Personal information
- Full name: Germaine Hesus Agustien
- Date of birth: 20 August 1986 (age 40)
- Place of birth: Willemstad, Netherlands Antilles
- Height: 1.78 m (5 ft 10 in)
- Position: Central midfielder

Team information
- Current team: Alvechurch

Youth career
- 2002–2004: Willem II

Senior career*
- Years: Team / Apps / (Gls)
- 2004–2006: Willem II / 55 / (3)
- 2006–2010: AZ Alkmaar / 25 / (2)
- 2006–2007: → Roda JC (loan) / 31 / (2)
- 2008–2009: → Birmingham City (loan) / 18 / (0)
- 2009–2010: → RKC Waalwijk (loan) / 19 / (1)
- 2010–2013: Swansea City / 39 / (0)
- 2011: → Crystal Palace (loan) / 8 / (0)
- 2013–2015: Brighton & Hove Albion / 13 / (0)
- 2015–2016: Vendsyssel FF / 8 / (0)
- 2016: Hamilton Academical / 2 / (0)
- 2016: Dordrecht / 5 / (0)
- 2017: Global Cebu
- 2017: SV TEC / 10 / (0)
- 2018: Nuneaton Borough / 0 / (0)
- 2018: Halesowen Town / 3 / (0)
- 2018–2019: Barrow / 10 / (2)
- 2019: Wrexham / 3 / (0)
- 2019: Bradford (Park Avenue) / 4 / (0)
- 2020–2022: Mickleover / 43 / (0)
- 2022: Kettering Town / 6 / (0)
- 2022–2023: Hednesford Town / 16 / (0)
- 2023: Matlock Town / 4 / (0)
- 2023–: Alvechurch / 1 / (0)

International career^{‡}
- 2004–2005: Netherlands U19 / 7 / (1)
- 2007–2008: Netherlands U20 / 7 / (1)
- 2006–2007: Netherlands U21 / 5 / (0)
- 2015–: Curaçao / 13 / (0)

= Kemy Agustien =

Curaçaoan footballer (born 1986)

Germaine Hesus "Kemy" Agustien (born 20 August 1986) is a Curaçaoan professional footballer who plays as a central midfielder for club Alvechurch.

He previously played for Willem II, AZ Alkmaar, Roda JC and RKC Waalwijk, for Birmingham City, Crystal Palace, Swansea City and Brighton & Hove Albion in English football, for Danish club Vendsyssel FF, for Scottish club Hamilton Academical. and for Global Cebu in the Philippines.
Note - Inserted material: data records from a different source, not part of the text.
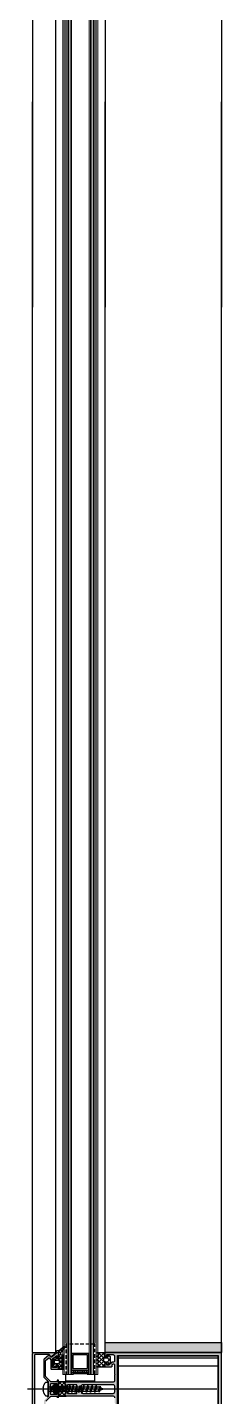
# Model space of a CAD drawing. Header units: millimetres. Extents: x 809 to 8159, y 33 to 4533.
# Drawn here: x 2919.5 to 2932.8, y 2904.4 to 2998.5 of the extents above; entities that cross this region are included whole.
import ezdxf

# ---------------------------------------------------------------- set-up
doc = ezdxf.new("R2010")
doc.units = ezdxf.units.MM
doc.linetypes.add('DASHDOT', pattern=[25.4, 12.7, -6.35, 0, -6.35])
doc.linetypes.add('HIDDEN', pattern=[0.375, 0.25, -0.125])
for name, color, linetype in [('1', 3, 'Continuous'), ('11', 11, 'Continuous'), ('3', 11, 'Continuous'), ('5', 11, 'Continuous'), ('EKSEN', 11, 'Continuous'), ('FITILLER', 240, 'Continuous'), ('GORUNUS-TARAMA', 11, 'Continuous')]:
    doc.layers.add(name, color=color, linetype=linetype)
doc.layers.add('cam', color=5, linetype='Continuous', lineweight=0)

# ---------------------------------------------------------------- blocks, each defined once
blk = doc.blocks.new('ajsdfxcvzx')
h = blk.add_hatch(color=256)
edge = h.paths.add_edge_path()
edge.add_arc((34875.984, -5684.003), 0.05, 90, 180)
edge.add_line((34875.934, -5684.003), (34875.934, -5688.643))
edge.add_arc((34875.984, -5688.643), 0.05, 180, 270)
edge.add_line((34875.984, -5688.693), (34876.937, -5688.693))
edge.add_line((34876.937, -5688.693), (34877.048, -5688.561))
edge.add_arc((34877.087, -5688.593), 0.05, 50, 140, ccw=False)
edge.add_line((34877.119, -5688.554), (34877.397, -5688.788))
edge.add_arc((34877.384, -5688.803), 0.02, -90, 50, ccw=False)
edge.add_line((34877.384, -5688.823), (34875.854, -5688.823))
edge.add_arc((34875.854, -5688.773), 0.05, 180, 270, ccw=False)
edge.add_line((34875.804, -5688.773), (34875.804, -5683.873))
edge.add_arc((34875.854, -5683.873), 0.05, 90, 180, ccw=False)
edge.add_line((34875.854, -5683.823), (34877.384, -5683.823))
edge.add_arc((34877.384, -5683.843), 0.02, -50, 90, ccw=False)
edge.add_line((34877.397, -5683.858), (34877.119, -5684.091))
edge.add_arc((34877.087, -5684.053), 0.05, 220, 310, ccw=False)
edge.add_line((34877.048, -5684.085), (34876.937, -5683.953))
edge.add_line((34876.937, -5683.953), (34875.984, -5683.953))
h = blk.add_hatch(color=256)
edge = h.paths.add_edge_path()
edge.add_line((34877.177, -5684.845), (34877.177, -5684.245))
edge.add_line((34877.177, -5684.245), (34877.457, -5684.01))
edge.add_line((34877.457, -5684.01), (34877.457, -5684.215))
edge.add_line((34877.457, -5684.215), (34877.527, -5684.215))
edge.add_arc((34877.527, -5684.165), 0.05, 270, 360)
edge.add_line((34877.577, -5684.165), (34877.577, -5683.828))
edge.add_line((34877.577, -5683.828), (34877.472, -5683.828))
edge.add_line((34877.472, -5683.828), (34877.116, -5684.127))
edge.add_arc((34877.084, -5684.088), 0.05, 220, 310, ccw=False)
edge.add_line((34877.045, -5684.12), (34876.97, -5684.031))
edge.add_arc((34876.932, -5684.063), 0.05, 40, 130)
edge.add_line((34876.9, -5684.025), (34876.595, -5684.281))
edge.add_arc((34876.627, -5684.319), 0.05, 130, 180)
edge.add_line((34876.577, -5684.319), (34876.577, -5685.498))
edge.add_arc((34876.627, -5685.498), 0.05, 180, 225)
edge.add_line((34876.592, -5685.534), (34876.769, -5685.711))
edge.add_line((34876.769, -5685.711), (34876.811, -5685.711))
edge.add_line((34876.811, -5685.711), (34876.811, -5685.753))
edge.add_line((34876.811, -5685.753), (34876.866, -5685.808))
edge.add_arc((34876.831, -5685.844), 0.05, 0, 45, ccw=False)
edge.add_line((34876.881, -5685.844), (34876.881, -5686.802))
edge.add_arc((34876.831, -5686.802), 0.05, 315, 360, ccw=False)
edge.add_line((34876.866, -5686.838), (34876.811, -5686.893))
edge.add_line((34876.811, -5686.893), (34876.811, -5686.935))
edge.add_line((34876.811, -5686.935), (34876.769, -5686.935))
edge.add_line((34876.769, -5686.935), (34876.592, -5687.112))
edge.add_arc((34876.627, -5687.147), 0.05, 135, 180)
edge.add_line((34876.577, -5687.147), (34876.577, -5688.327))
edge.add_arc((34876.627, -5688.327), 0.05, 180, 230)
edge.add_line((34876.595, -5688.365), (34876.9, -5688.621))
edge.add_arc((34876.932, -5688.583), 0.05, 230, 320)
edge.add_line((34876.97, -5688.615), (34877.045, -5688.525))
edge.add_arc((34877.084, -5688.558), 0.05, 50, 140, ccw=False)
edge.add_line((34877.116, -5688.519), (34877.472, -5688.818))
edge.add_line((34877.472, -5688.818), (34877.577, -5688.818))
edge.add_line((34877.577, -5688.818), (34877.577, -5688.481))
edge.add_arc((34877.527, -5688.481), 0.05, 360, 450)
edge.add_line((34877.527, -5688.431), (34877.457, -5688.431))
edge.add_line((34877.457, -5688.431), (34877.457, -5688.635))
edge.add_line((34877.457, -5688.635), (34877.177, -5688.4))
edge.add_line((34877.177, -5688.4), (34877.177, -5687.801))
edge.add_line((34877.177, -5687.801), (34877.457, -5687.801))
edge.add_line((34877.457, -5687.801), (34877.457, -5687.931))
edge.add_line((34877.457, -5687.931), (34877.527, -5687.931))
edge.add_arc((34877.527, -5687.881), 0.05, 270, 360)
edge.add_line((34877.577, -5687.881), (34877.577, -5687.681))
edge.add_line((34877.577, -5687.681), (34877.107, -5687.681))
edge.add_arc((34877.107, -5687.731), 0.05, 90, 180)
edge.add_line((34877.057, -5687.731), (34877.057, -5688.307))
edge.add_arc((34877.007, -5688.307), 0.05, 320, 360, ccw=False)
edge.add_line((34877.045, -5688.339), (34876.955, -5688.446))
edge.add_arc((34876.917, -5688.414), 0.05, 230, 320, ccw=False)
edge.add_line((34876.885, -5688.452), (34876.715, -5688.309))
edge.add_arc((34876.747, -5688.271), 0.05, 180, 230, ccw=False)
edge.add_line((34876.697, -5688.271), (34876.697, -5687.197))
edge.add_arc((34876.747, -5687.197), 0.05, 135, 180, ccw=False)
edge.add_line((34876.712, -5687.162), (34877.036, -5686.838))
edge.add_arc((34877.071, -5686.873), 0.05, 90, 135, ccw=False)
edge.add_line((34877.071, -5686.823), (34877.477, -5686.823))
edge.add_line((34877.477, -5686.823), (34877.477, -5686.923))
edge.add_line((34877.477, -5686.923), (34877.577, -5686.923))
edge.add_line((34877.577, -5686.923), (34877.577, -5686.623))
edge.add_arc((34877.527, -5686.623), 0.05, 360, 450)
edge.add_line((34877.527, -5686.573), (34877.457, -5686.573))
edge.add_line((34877.457, -5686.573), (34877.457, -5686.703))
edge.add_line((34877.457, -5686.703), (34877.081, -5686.703))
edge.add_arc((34877.081, -5686.653), 0.05, 180, 270, ccw=False)
edge.add_line((34877.031, -5686.653), (34877.031, -5685.993))
edge.add_arc((34877.081, -5685.993), 0.05, 90, 180, ccw=False)
edge.add_line((34877.081, -5685.943), (34877.457, -5685.943))
edge.add_line((34877.457, -5685.943), (34877.457, -5686.073))
edge.add_line((34877.457, -5686.073), (34877.527, -5686.073))
edge.add_arc((34877.527, -5686.023), 0.05, 270, 360)
edge.add_line((34877.577, -5686.023), (34877.577, -5685.723))
edge.add_line((34877.577, -5685.723), (34877.477, -5685.723))
edge.add_line((34877.477, -5685.723), (34877.477, -5685.823))
edge.add_line((34877.477, -5685.823), (34877.071, -5685.823))
edge.add_arc((34877.071, -5685.773), 0.05, 225, 270, ccw=False)
edge.add_line((34877.036, -5685.808), (34876.712, -5685.484))
edge.add_arc((34876.747, -5685.449), 0.05, 180, 225, ccw=False)
edge.add_line((34876.697, -5685.449), (34876.697, -5684.375))
edge.add_arc((34876.747, -5684.375), 0.05, 130, 180, ccw=False)
edge.add_line((34876.715, -5684.336), (34876.885, -5684.194))
edge.add_arc((34876.917, -5684.232), 0.05, 40, 130, ccw=False)
edge.add_line((34876.955, -5684.2), (34877.045, -5684.307))
edge.add_arc((34877.007, -5684.339), 0.05, 0, 40, ccw=False)
edge.add_line((34877.057, -5684.339), (34877.057, -5684.915))
edge.add_arc((34877.107, -5684.915), 0.05, 180, 270)
edge.add_line((34877.107, -5684.965), (34877.577, -5684.965))
edge.add_line((34877.577, -5684.965), (34877.577, -5684.765))
edge.add_arc((34877.527, -5684.765), 0.05, 360, 450)
edge.add_line((34877.527, -5684.715), (34877.457, -5684.715))
edge.add_line((34877.457, -5684.715), (34877.457, -5684.845))
edge.add_line((34877.457, -5684.845), (34877.177, -5684.845))
h = blk.add_hatch(color=256)
edge = h.paths.add_edge_path()
edge.add_line((34880.797, -5688.573), (34880.867, -5688.573))
edge.add_line((34880.867, -5688.573), (34880.867, -5688.663))
edge.add_line((34880.867, -5688.663), (34881.347, -5688.663))
edge.add_arc((34881.347, -5688.563), 0.1, -90, 0)
edge.add_line((34881.447, -5688.563), (34881.447, -5688.283))
edge.add_arc((34881.347, -5688.283), 0.1, 0, 90)
edge.add_line((34881.347, -5688.183), (34881.268, -5688.183))
edge.add_arc((34881.268, -5688.133), 0.05, 225, 270, ccw=False)
edge.add_line((34881.232, -5688.168), (34881.062, -5687.998))
edge.add_arc((34881.026, -5688.033), 0.05, 45, 90)
edge.add_line((34881.026, -5687.983), (34880.867, -5687.983))
edge.add_line((34880.867, -5687.983), (34880.867, -5688.073))
edge.add_line((34880.867, -5688.073), (34880.797, -5688.073))
edge.add_arc((34880.797, -5688.023), 0.05, -180, -90, ccw=False)
edge.add_line((34880.747, -5688.023), (34880.747, -5687.823))
edge.add_line((34880.747, -5687.823), (34881.187, -5687.823))
edge.add_arc((34881.187, -5687.873), 0.05, 0, 90, ccw=False)
edge.add_line((34881.237, -5687.873), (34881.237, -5687.94))
edge.add_arc((34881.287, -5687.94), 0.05, 180, 225)
edge.add_line((34881.252, -5687.975), (34881.285, -5688.008))
edge.add_arc((34881.32, -5687.973), 0.05, 225, 270)
edge.add_line((34881.32, -5688.023), (34881.397, -5688.023))
edge.add_arc((34881.397, -5687.973), 0.05, -90, 0)
edge.add_line((34881.447, -5687.973), (34881.447, -5687.723))
edge.add_line((34881.447, -5687.723), (34881.447, -5687.353))
edge.add_line((34881.447, -5687.353), (34881.477, -5687.323))
edge.add_line((34881.477, -5687.323), (34881.447, -5687.293))
edge.add_line((34881.447, -5687.293), (34881.447, -5686.923))
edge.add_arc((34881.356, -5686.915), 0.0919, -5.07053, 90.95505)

An adaptable player, capable of playing anywhere in midfield, his preferred position is as one of two central midfielders.

==Club career==
Born in Willemstad, Netherlands Antilles, Agustien began his career in the youth system of Dutch club Willem II. He played two seasons in that club's first team in the Eredivisie, and appeared twice in the 2005–06 UEFA Cup. He signed for AZ in 2006, and was loaned to Roda JC for the 2006–07 season to gain more experience.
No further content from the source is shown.